*** Opening of PROVIDED DATA ***
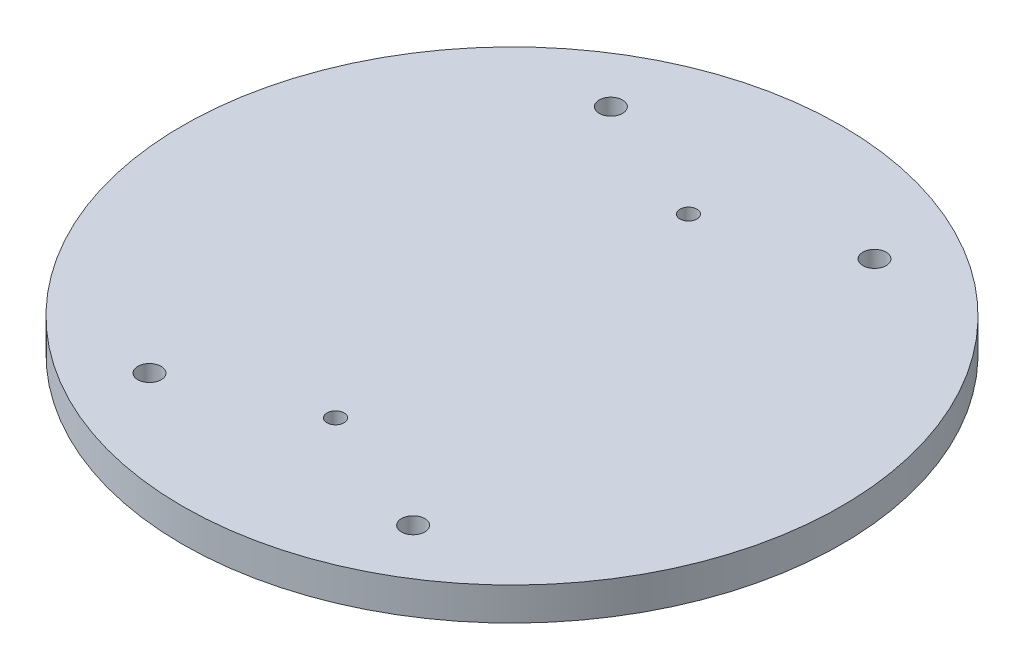
from build123d import *

# Parameters (mm, degrees)
SKETCH1_R                   = 63.5
BOSS_EXTRUDE1_DEPTH         = 6.35
F_8_CLEARANCE_HOLE1_D       = 4.4958
TAP_DRILL_FOR_M4X0_7_TAP1_D = 3.3


with BuildPart() as part:
    # Sketch1 → Boss-Extrude1 (new body)
    with BuildSketch(Plane(origin=(0, 0, 0), x_dir=(1, 0, 0), z_dir=(0, 1, 0))):
        with Locations(Location((0, 0, 0), (0, 0, 270))):
            Circle(SKETCH1_R)
    extrude(amount=BOSS_EXTRUDE1_DEPTH)

    # #8 Clearance Hole1 (through all)
    with Locations(Plane(origin=(0, 6.35, 0), x_dir=(1, 0, 0), z_dir=(0, 1, 0))):
        with Locations((-25.4, -44.45), (25.4, -44.45), (25.4, 44.45), (-25.4, 44.45)):
            Hole(F_8_CLEARANCE_HOLE1_D / 2)

    # Tap Drill for M4x0.7 Tap1 (through all)
    with Locations(Plane(origin=(0, 6.35, 0), x_dir=(1, 0, 0), z_dir=(0, 1, 0))):
        with Locations((0, 34), (0, -34)):
            Hole(TAP_DRILL_FOR_M4X0_7_TAP1_D / 2)


solid = part.part
*** Close of PROVIDED DATA ***
**TRY IT:**
Leave the pictures aside and give the records above back word for word.

**RESPONSE AREA:**
from build123d import *

# Parameters (mm, degrees)
SKETCH1_R                   = 63.5
BOSS_EXTRUDE1_DEPTH         = 6.35
F_8_CLEARANCE_HOLE1_D       = 4.4958
TAP_DRILL_FOR_M4X0_7_TAP1_D = 3.3


with BuildPart() as part:
    # Sketch1 → Boss-Extrude1 (new body)
    with BuildSketch(Plane(origin=(0, 0, 0), x_dir=(1, 0, 0), z_dir=(0, 1, 0))):
        with Locations(Location((0, 0, 0), (0, 0, 270))):
            Circle(SKETCH1_R)
    extrude(amount=BOSS_EXTRUDE1_DEPTH)

    # #8 Clearance Hole1 (through all)
    with Locations(Plane(origin=(0, 6.35, 0), x_dir=(1, 0, 0), z_dir=(0, 1, 0))):
        with Locations((-25.4, -44.45), (25.4, -44.45), (25.4, 44.45), (-25.4, 44.45)):
            Hole(F_8_CLEARANCE_HOLE1_D / 2)

    # Tap Drill for M4x0.7 Tap1 (through all)
    with Locations(Plane(origin=(0, 6.35, 0), x_dir=(1, 0, 0), z_dir=(0, 1, 0))):
        with Locations((0, 34), (0, -34)):
            Hole(TAP_DRILL_FOR_M4X0_7_TAP1_D / 2)


solid = part.part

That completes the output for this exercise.